Material supplied.
:::::
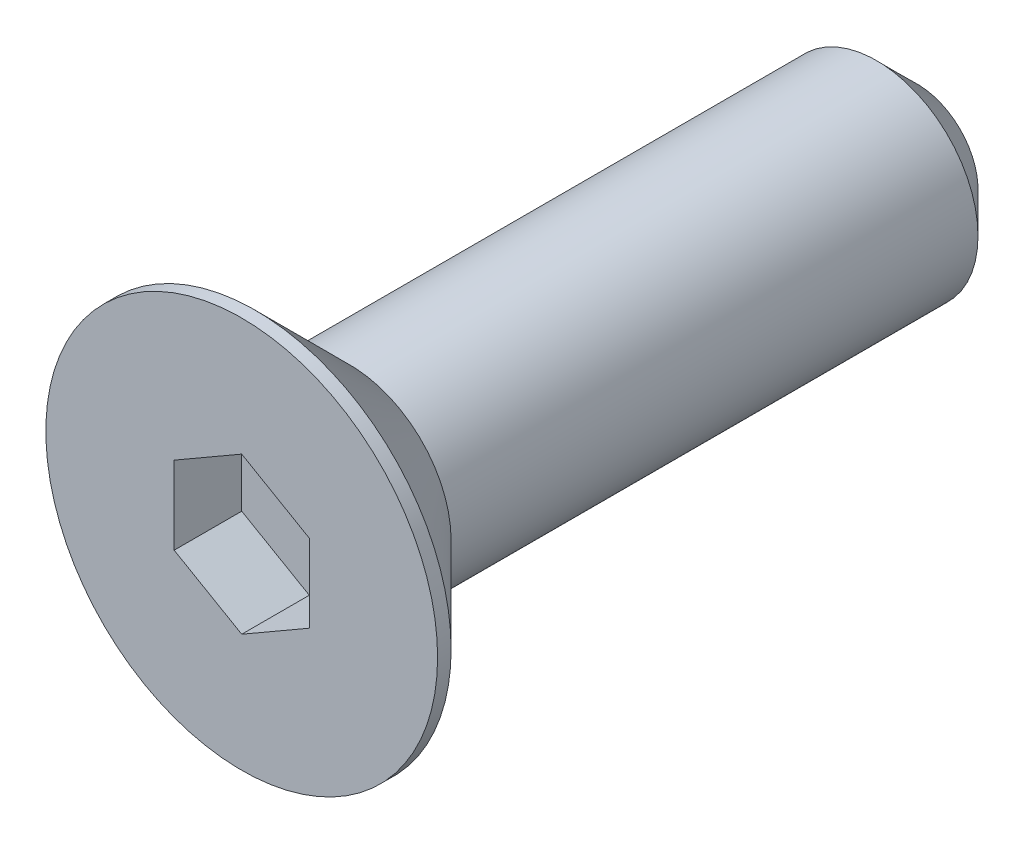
ISO-10303-21;
HEADER;
FILE_DESCRIPTION(('STEP AP214'),'2;1');
FILE_NAME('part.step','',(''),(''),'','','');
FILE_SCHEMA(('AUTOMOTIVE_DESIGN { 1 0 10303 214 1 1 1 1 }'));
ENDSEC;
DATA;
#1=APPLICATION_CONTEXT('core data for automotive mechanical design processes');
#2=APPLICATION_PROTOCOL_DEFINITION('international standard','automotive_design',2000,#1);
#3=PRODUCT_CONTEXT('',#1,'mechanical');
#4=PRODUCT('Part','Part','',(#3));
#5=PRODUCT_RELATED_PRODUCT_CATEGORY('part','',(#4));
#6=PRODUCT_DEFINITION_FORMATION('','',#4);
#7=PRODUCT_DEFINITION_CONTEXT('part definition',#1,'design');
#8=PRODUCT_DEFINITION('design','',#6,#7);
#9=PRODUCT_DEFINITION_SHAPE('','',#8);
#10=(LENGTH_UNIT() NAMED_UNIT(*) SI_UNIT(.MILLI.,.METRE.));
#11=(NAMED_UNIT(*) PLANE_ANGLE_UNIT() SI_UNIT($,.RADIAN.));
#12=(NAMED_UNIT(*) SI_UNIT($,.STERADIAN.) SOLID_ANGLE_UNIT());
#13=UNCERTAINTY_MEASURE_WITH_UNIT(LENGTH_MEASURE(1.E-05),#10,'distance_accuracy_value','');
#14=(GEOMETRIC_REPRESENTATION_CONTEXT(3) GLOBAL_UNCERTAINTY_ASSIGNED_CONTEXT((#13)) GLOBAL_UNIT_ASSIGNED_CONTEXT((#10,
#11,#12)) REPRESENTATION_CONTEXT('',''));
#15=CARTESIAN_POINT('',(0.,0.,0.));
#16=DIRECTION('',(0.,0.,1.));
#17=DIRECTION('',(1.,0.,0.));
#18=AXIS2_PLACEMENT_3D('',#15,#16,#17);
#19=CARTESIAN_POINT('',(0.,0.,0.));
#20=DIRECTION('',(0.,0.,1.));
#21=DIRECTION('',(1.,0.,0.));
#22=AXIS2_PLACEMENT_3D('',#19,#20,#21);
#23=PLANE('',#22);
#24=DIRECTION('',(0.866025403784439,-0.5,0.));
#25=VECTOR('',#24,1.);
#26=CARTESIAN_POINT('',(-1.,-0.577350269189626,0.));
#27=LINE('',#26,#25);
#28=CARTESIAN_POINT('',(-1.,-0.577350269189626,0.));
#29=VERTEX_POINT('',#28);
#30=CARTESIAN_POINT('',(0.,-1.15470053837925,0.));
#31=VERTEX_POINT('',#30);
#32=EDGE_CURVE('E29',#29,#31,#27,.T.);
#33=ORIENTED_EDGE('',*,*,#32,.F.);
#34=DIRECTION('',(0.,-1.,0.));
#35=VECTOR('',#34,1.);
#36=CARTESIAN_POINT('',(-1.,0.577350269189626,0.));
#37=LINE('',#36,#35);
#38=CARTESIAN_POINT('',(-1.,0.577350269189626,0.));
#39=VERTEX_POINT('',#38);
#40=EDGE_CURVE('E98',#39,#29,#37,.T.);
#41=ORIENTED_EDGE('',*,*,#40,.F.);
#42=DIRECTION('',(-0.866025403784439,-0.5,0.));
#43=VECTOR('',#42,1.);
#44=CARTESIAN_POINT('',(0.,1.15470053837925,0.));
#45=LINE('',#44,#43);
#46=CARTESIAN_POINT('',(0.,1.15470053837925,0.));
#47=VERTEX_POINT('',#46);
#48=EDGE_CURVE('E92',#47,#39,#45,.T.);
#49=ORIENTED_EDGE('',*,*,#48,.F.);
#50=DIRECTION('',(-0.866025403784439,0.5,0.));
#51=VECTOR('',#50,1.);
#52=CARTESIAN_POINT('',(1.,0.577350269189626,0.));
#53=LINE('',#52,#51);
#54=CARTESIAN_POINT('',(1.,0.577350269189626,0.));
#55=VERTEX_POINT('',#54);
#56=EDGE_CURVE('E90',#55,#47,#53,.T.);
#57=ORIENTED_EDGE('',*,*,#56,.F.);
#58=DIRECTION('',(0.,1.,0.));
#59=VECTOR('',#58,1.);
#60=CARTESIAN_POINT('',(1.,-0.577350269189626,0.));
#61=LINE('',#60,#59);
#62=CARTESIAN_POINT('',(1.,-0.577350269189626,0.));
#63=VERTEX_POINT('',#62);
#64=EDGE_CURVE('E72',#63,#55,#61,.T.);
#65=ORIENTED_EDGE('',*,*,#64,.F.);
#66=DIRECTION('',(0.866025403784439,0.5,0.));
#67=VECTOR('',#66,1.);
#68=CARTESIAN_POINT('',(0.,-1.15470053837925,0.));
#69=LINE('',#68,#67);
#70=EDGE_CURVE('E83',#31,#63,#69,.T.);
#71=ORIENTED_EDGE('',*,*,#70,.F.);
#72=EDGE_LOOP('',(#33,#41,#49,#57,#65,#71));
#73=FACE_BOUND('',#72,.T.);
#74=CARTESIAN_POINT('',(0.,0.,0.));
#75=DIRECTION('',(0.,0.,1.));
#76=DIRECTION('',(1.,0.,0.));
#77=AXIS2_PLACEMENT_3D('',#74,#75,#76);
#78=CIRCLE('',#77,2.9);
#79=CARTESIAN_POINT('',(2.9,0.,0.));
#80=VERTEX_POINT('',#79);
#81=EDGE_CURVE('E128',#80,#80,#78,.T.);
#82=ORIENTED_EDGE('',*,*,#81,.T.);
#83=EDGE_LOOP('',(#82));
#84=FACE_BOUND('',#83,.T.);
#85=ADVANCED_FACE('F14',(#73,#84),#23,.T.);
#86=CARTESIAN_POINT('',(0.,0.,6.05968084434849));
#87=DIRECTION('',(0.,0.,1.));
#88=DIRECTION('',(1.,0.,0.));
#89=AXIS2_PLACEMENT_3D('',#86,#87,#88);
#90=CYLINDRICAL_SURFACE('',#89,2.9);
#91=CARTESIAN_POINT('',(0.,0.,-0.2));
#92=DIRECTION('',(0.,0.,1.));
#93=DIRECTION('',(1.,0.,0.));
#94=AXIS2_PLACEMENT_3D('',#91,#92,#93);
#95=CIRCLE('',#94,2.9);
#96=CARTESIAN_POINT('',(2.9,0.,-0.2));
#97=VERTEX_POINT('',#96);
#98=EDGE_CURVE('E125',#97,#97,#95,.T.);
#99=ORIENTED_EDGE('',*,*,#98,.T.);
#100=EDGE_LOOP('',(#99));
#101=FACE_BOUND('',#100,.T.);
#102=ORIENTED_EDGE('',*,*,#81,.F.);
#103=EDGE_LOOP('',(#102));
#104=FACE_BOUND('',#103,.T.);
#105=ADVANCED_FACE('F148',(#101,#104),#90,.T.);
#106=CARTESIAN_POINT('',(0.,0.,-0.2));
#107=DIRECTION('',(0.,0.,1.));
#108=DIRECTION('',(1.,0.,0.));
#109=AXIS2_PLACEMENT_3D('',#106,#107,#108);
#110=CONICAL_SURFACE('',#109,2.9,0.78539816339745);
#111=CARTESIAN_POINT('',(0.,0.,-1.6));
#112=DIRECTION('',(0.,0.,1.));
#113=DIRECTION('',(1.,0.,0.));
#114=AXIS2_PLACEMENT_3D('',#111,#112,#113);
#115=CIRCLE('',#114,1.5);
#116=CARTESIAN_POINT('',(1.5,0.,-1.6));
#117=VERTEX_POINT('',#116);
#118=EDGE_CURVE('E116',#117,#117,#115,.T.);
#119=ORIENTED_EDGE('',*,*,#118,.T.);
#120=EDGE_LOOP('',(#119));
#121=FACE_BOUND('',#120,.T.);
#122=ORIENTED_EDGE('',*,*,#98,.F.);
#123=EDGE_LOOP('',(#122));
#124=FACE_BOUND('',#123,.T.);
#125=ADVANCED_FACE('F153',(#121,#124),#110,.T.);
#126=CARTESIAN_POINT('',(0.,0.,6.05968084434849));
#127=DIRECTION('',(0.,0.,1.));
#128=DIRECTION('',(1.,0.,0.));
#129=AXIS2_PLACEMENT_3D('',#126,#127,#128);
#130=CYLINDRICAL_SURFACE('',#129,1.5);
#131=CARTESIAN_POINT('',(0.,0.,-9.4));
#132=DIRECTION('',(0.,0.,-1.));
#133=DIRECTION('',(-1.,0.,0.));
#134=AXIS2_PLACEMENT_3D('',#131,#132,#133);
#135=CIRCLE('',#134,1.5);
#136=CARTESIAN_POINT('',(-1.5,0.,-9.4));
#137=VERTEX_POINT('',#136);
#138=EDGE_CURVE('E22',#137,#137,#135,.F.);
#139=ORIENTED_EDGE('',*,*,#138,.T.);
#140=EDGE_LOOP('',(#139));
#141=FACE_BOUND('',#140,.T.);
#142=ORIENTED_EDGE('',*,*,#118,.F.);
#143=EDGE_LOOP('',(#142));
#144=FACE_BOUND('',#143,.T.);
#145=ADVANCED_FACE('F133',(#141,#144),#130,.T.);
#146=CARTESIAN_POINT('',(1.5,0.,-10.));
#147=DIRECTION('',(0.,0.,-1.));
#148=DIRECTION('',(-1.,0.,0.));
#149=AXIS2_PLACEMENT_3D('',#146,#147,#148);
#150=PLANE('',#149);
#151=CARTESIAN_POINT('',(0.,0.,-10.));
#152=DIRECTION('',(0.,0.,-1.));
#153=DIRECTION('',(-1.,0.,0.));
#154=AXIS2_PLACEMENT_3D('',#151,#152,#153);
#155=CIRCLE('',#154,0.9);
#156=CARTESIAN_POINT('',(-0.9,0.,-10.));
#157=VERTEX_POINT('',#156);
#158=EDGE_CURVE('E9',#157,#157,#155,.T.);
#159=ORIENTED_EDGE('',*,*,#158,.T.);
#160=EDGE_LOOP('',(#159));
#161=FACE_BOUND('',#160,.T.);
#162=ADVANCED_FACE('F162',(#161),#150,.T.);
#163=CARTESIAN_POINT('',(-1.,-0.577350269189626,-1.));
#164=DIRECTION('',(-0.5,-0.866025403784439,0.));
#165=DIRECTION('',(0.866025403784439,-0.5,0.));
#166=AXIS2_PLACEMENT_3D('',#163,#164,#165);
#167=PLANE('',#166);
#168=ORIENTED_EDGE('',*,*,#32,.T.);
#169=DIRECTION('',(0.,0.,1.));
#170=VECTOR('',#169,1.);
#171=CARTESIAN_POINT('',(0.,-1.15470053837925,-1.));
#172=LINE('',#171,#170);
#173=CARTESIAN_POINT('',(0.,-1.15470053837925,-1.));
#174=VERTEX_POINT('',#173);
#175=EDGE_CURVE('E80',#174,#31,#172,.T.);
#176=ORIENTED_EDGE('',*,*,#175,.F.);
#177=DIRECTION('',(0.866025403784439,-0.5,0.));
#178=VECTOR('',#177,1.);
#179=CARTESIAN_POINT('',(-1.,-0.577350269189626,-1.));
#180=LINE('',#179,#178);
#181=CARTESIAN_POINT('',(-1.,-0.577350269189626,-1.));
#182=VERTEX_POINT('',#181);
#183=EDGE_CURVE('E100',#182,#174,#180,.T.);
#184=ORIENTED_EDGE('',*,*,#183,.F.);
#185=DIRECTION('',(0.,0.,1.));
#186=VECTOR('',#185,1.);
#187=CARTESIAN_POINT('',(-1.,-0.577350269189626,-1.));
#188=LINE('',#187,#186);
#189=EDGE_CURVE('E36',#182,#29,#188,.T.);
#190=ORIENTED_EDGE('',*,*,#189,.T.);
#191=EDGE_LOOP('',(#168,#176,#184,#190));
#192=FACE_BOUND('',#191,.T.);
#193=ADVANCED_FACE('F165',(#192),#167,.F.);
#194=CARTESIAN_POINT('',(-1.,0.577350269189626,-1.));
#195=DIRECTION('',(-1.,0.,0.));
#196=DIRECTION('',(0.,0.,1.));
#197=AXIS2_PLACEMENT_3D('',#194,#195,#196);
#198=PLANE('',#197);
#199=ORIENTED_EDGE('',*,*,#40,.T.);
#200=ORIENTED_EDGE('',*,*,#189,.F.);
#201=DIRECTION('',(0.,-1.,0.));
#202=VECTOR('',#201,1.);
#203=CARTESIAN_POINT('',(-1.,0.577350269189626,-1.));
#204=LINE('',#203,#202);
#205=CARTESIAN_POINT('',(-1.,0.577350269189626,-1.));
#206=VERTEX_POINT('',#205);
#207=EDGE_CURVE('E112',#206,#182,#204,.T.);
#208=ORIENTED_EDGE('',*,*,#207,.F.);
#209=DIRECTION('',(0.,0.,1.));
#210=VECTOR('',#209,1.);
#211=CARTESIAN_POINT('',(-1.,0.577350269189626,-1.));
#212=LINE('',#211,#210);
#213=EDGE_CURVE('E117',#206,#39,#212,.T.);
#214=ORIENTED_EDGE('',*,*,#213,.T.);
#215=EDGE_LOOP('',(#199,#200,#208,#214));
#216=FACE_BOUND('',#215,.T.);
#217=ADVANCED_FACE('F169',(#216),#198,.F.);
#218=CARTESIAN_POINT('',(0.,1.15470053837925,-1.));
#219=DIRECTION('',(-0.5,0.866025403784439,0.));
#220=DIRECTION('',(-0.866025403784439,-0.5,0.));
#221=AXIS2_PLACEMENT_3D('',#218,#219,#220);
#222=PLANE('',#221);
#223=ORIENTED_EDGE('',*,*,#48,.T.);
#224=ORIENTED_EDGE('',*,*,#213,.F.);
#225=DIRECTION('',(-0.866025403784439,-0.5,0.));
#226=VECTOR('',#225,1.);
#227=CARTESIAN_POINT('',(0.,1.15470053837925,-1.));
#228=LINE('',#227,#226);
#229=CARTESIAN_POINT('',(0.,1.15470053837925,-1.));
#230=VERTEX_POINT('',#229);
#231=EDGE_CURVE('E109',#230,#206,#228,.T.);
#232=ORIENTED_EDGE('',*,*,#231,.F.);
#233=DIRECTION('',(0.,0.,1.));
#234=VECTOR('',#233,1.);
#235=CARTESIAN_POINT('',(0.,1.15470053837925,-1.));
#236=LINE('',#235,#234);
#237=EDGE_CURVE('E119',#230,#47,#236,.T.);
#238=ORIENTED_EDGE('',*,*,#237,.T.);
#239=EDGE_LOOP('',(#223,#224,#232,#238));
#240=FACE_BOUND('',#239,.T.);
#241=ADVANCED_FACE('F177',(#240),#222,.F.);
#242=CARTESIAN_POINT('',(1.,0.577350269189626,-1.));
#243=DIRECTION('',(0.5,0.866025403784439,0.));
#244=DIRECTION('',(-0.866025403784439,0.5,0.));
#245=AXIS2_PLACEMENT_3D('',#242,#243,#244);
#246=PLANE('',#245);
#247=ORIENTED_EDGE('',*,*,#56,.T.);
#248=ORIENTED_EDGE('',*,*,#237,.F.);
#249=DIRECTION('',(-0.866025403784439,0.5,0.));
#250=VECTOR('',#249,1.);
#251=CARTESIAN_POINT('',(1.,0.577350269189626,-1.));
#252=LINE('',#251,#250);
#253=CARTESIAN_POINT('',(1.,0.577350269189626,-1.));
#254=VERTEX_POINT('',#253);
#255=EDGE_CURVE('E106',#254,#230,#252,.T.);
#256=ORIENTED_EDGE('',*,*,#255,.F.);
#257=DIRECTION('',(0.,0.,1.));
#258=VECTOR('',#257,1.);
#259=CARTESIAN_POINT('',(1.,0.577350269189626,-1.));
#260=LINE('',#259,#258);
#261=EDGE_CURVE('E79',#254,#55,#260,.T.);
#262=ORIENTED_EDGE('',*,*,#261,.T.);
#263=EDGE_LOOP('',(#247,#248,#256,#262));
#264=FACE_BOUND('',#263,.T.);
#265=ADVANCED_FACE('F174',(#264),#246,.F.);
#266=CARTESIAN_POINT('',(1.,-0.577350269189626,-1.));
#267=DIRECTION('',(1.,0.,0.));
#268=DIRECTION('',(0.,0.,-1.));
#269=AXIS2_PLACEMENT_3D('',#266,#267,#268);
#270=PLANE('',#269);
#271=ORIENTED_EDGE('',*,*,#64,.T.);
#272=ORIENTED_EDGE('',*,*,#261,.F.);
#273=DIRECTION('',(0.,1.,0.));
#274=VECTOR('',#273,1.);
#275=CARTESIAN_POINT('',(1.,-0.577350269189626,-1.));
#276=LINE('',#275,#274);
#277=CARTESIAN_POINT('',(1.,-0.577350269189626,-1.));
#278=VERTEX_POINT('',#277);
#279=EDGE_CURVE('E75',#278,#254,#276,.T.);
#280=ORIENTED_EDGE('',*,*,#279,.F.);
#281=DIRECTION('',(0.,0.,1.));
#282=VECTOR('',#281,1.);
#283=CARTESIAN_POINT('',(1.,-0.577350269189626,-1.));
#284=LINE('',#283,#282);
#285=EDGE_CURVE('E68',#278,#63,#284,.T.);
#286=ORIENTED_EDGE('',*,*,#285,.T.);
#287=EDGE_LOOP('',(#271,#272,#280,#286));
#288=FACE_BOUND('',#287,.T.);
#289=ADVANCED_FACE('F70',(#288),#270,.F.);
#290=CARTESIAN_POINT('',(0.,-1.15470053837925,-1.));
#291=DIRECTION('',(0.5,-0.866025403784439,0.));
#292=DIRECTION('',(0.866025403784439,0.5,0.));
#293=AXIS2_PLACEMENT_3D('',#290,#291,#292);
#294=PLANE('',#293);
#295=ORIENTED_EDGE('',*,*,#70,.T.);
#296=ORIENTED_EDGE('',*,*,#285,.F.);
#297=DIRECTION('',(0.866025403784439,0.5,0.));
#298=VECTOR('',#297,1.);
#299=CARTESIAN_POINT('',(0.,-1.15470053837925,-1.));
#300=LINE('',#299,#298);
#301=EDGE_CURVE('E103',#174,#278,#300,.T.);
#302=ORIENTED_EDGE('',*,*,#301,.F.);
#303=ORIENTED_EDGE('',*,*,#175,.T.);
#304=EDGE_LOOP('',(#295,#296,#302,#303));
#305=FACE_BOUND('',#304,.T.);
#306=ADVANCED_FACE('F84',(#305),#294,.F.);
#307=CARTESIAN_POINT('',(0.,-1.15470053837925,-1.));
#308=DIRECTION('',(0.,0.,1.));
#309=DIRECTION('',(1.,0.,0.));
#310=AXIS2_PLACEMENT_3D('',#307,#308,#309);
#311=PLANE('',#310);
#312=ORIENTED_EDGE('',*,*,#183,.T.);
#313=ORIENTED_EDGE('',*,*,#301,.T.);
#314=ORIENTED_EDGE('',*,*,#279,.T.);
#315=ORIENTED_EDGE('',*,*,#255,.T.);
#316=ORIENTED_EDGE('',*,*,#231,.T.);
#317=ORIENTED_EDGE('',*,*,#207,.T.);
#318=EDGE_LOOP('',(#312,#313,#314,#315,#316,#317));
#319=FACE_BOUND('',#318,.T.);
#320=ADVANCED_FACE('F137',(#319),#311,.T.);
#321=CARTESIAN_POINT('',(0.,0.,-9.4));
#322=DIRECTION('',(0.,0.,1.));
#323=DIRECTION('',(1.,0.,0.));
#324=AXIS2_PLACEMENT_3D('',#321,#322,#323);
#325=CONICAL_SURFACE('',#324,1.5,0.78539816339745);
#326=ORIENTED_EDGE('',*,*,#158,.F.);
#327=EDGE_LOOP('',(#326));
#328=FACE_BOUND('',#327,.T.);
#329=ORIENTED_EDGE('',*,*,#138,.F.);
#330=EDGE_LOOP('',(#329));
#331=FACE_BOUND('',#330,.T.);
#332=ADVANCED_FACE('F16',(#328,#331),#325,.T.);
#333=CLOSED_SHELL('',(#85,#105,#125,#145,#162,#193,#217,#241,#265,#289,#306,#320,#332));
#334=MANIFOLD_SOLID_BREP('B1',#333);
#335=ADVANCED_BREP_SHAPE_REPRESENTATION('',(#18,#334),#14);
#336=SHAPE_DEFINITION_REPRESENTATION(#9,#335);
ENDSEC;
END-ISO-10303-21;
:::::
Assignment.
Retype exactly, and only, the lines above from the one where "#293=AXIS2_PLACEMENT_3D('',#290,#291,#292);" occurs up to and including the one where "#324=AXIS2_PLACEMENT_3D('',#321,#322,#323);" occurs.

Answer area.
#293=AXIS2_PLACEMENT_3D('',#290,#291,#292);
#294=PLANE('',#293);
#295=ORIENTED_EDGE('',*,*,#70,.T.);
#296=ORIENTED_EDGE('',*,*,#285,.F.);
#297=DIRECTION('',(0.866025403784439,0.5,0.));
#298=VECTOR('',#297,1.);
#299=CARTESIAN_POINT('',(0.,-1.15470053837925,-1.));
#300=LINE('',#299,#298);
#301=EDGE_CURVE('E103',#174,#278,#300,.T.);
#302=ORIENTED_EDGE('',*,*,#301,.F.);
#303=ORIENTED_EDGE('',*,*,#175,.T.);
#304=EDGE_LOOP('',(#295,#296,#302,#303));
#305=FACE_BOUND('',#304,.T.);
#306=ADVANCED_FACE('F84',(#305),#294,.F.);
#307=CARTESIAN_POINT('',(0.,-1.15470053837925,-1.));
#308=DIRECTION('',(0.,0.,1.));
#309=DIRECTION('',(1.,0.,0.));
#310=AXIS2_PLACEMENT_3D('',#307,#308,#309);
#311=PLANE('',#310);
#312=ORIENTED_EDGE('',*,*,#183,.T.);
#313=ORIENTED_EDGE('',*,*,#301,.T.);
#314=ORIENTED_EDGE('',*,*,#279,.T.);
#315=ORIENTED_EDGE('',*,*,#255,.T.);
#316=ORIENTED_EDGE('',*,*,#231,.T.);
#317=ORIENTED_EDGE('',*,*,#207,.T.);
#318=EDGE_LOOP('',(#312,#313,#314,#315,#316,#317));
#319=FACE_BOUND('',#318,.T.);
#320=ADVANCED_FACE('F137',(#319),#311,.T.);
#321=CARTESIAN_POINT('',(0.,0.,-9.4));
#322=DIRECTION('',(0.,0.,1.));
#323=DIRECTION('',(1.,0.,0.));
#324=AXIS2_PLACEMENT_3D('',#321,#322,#323);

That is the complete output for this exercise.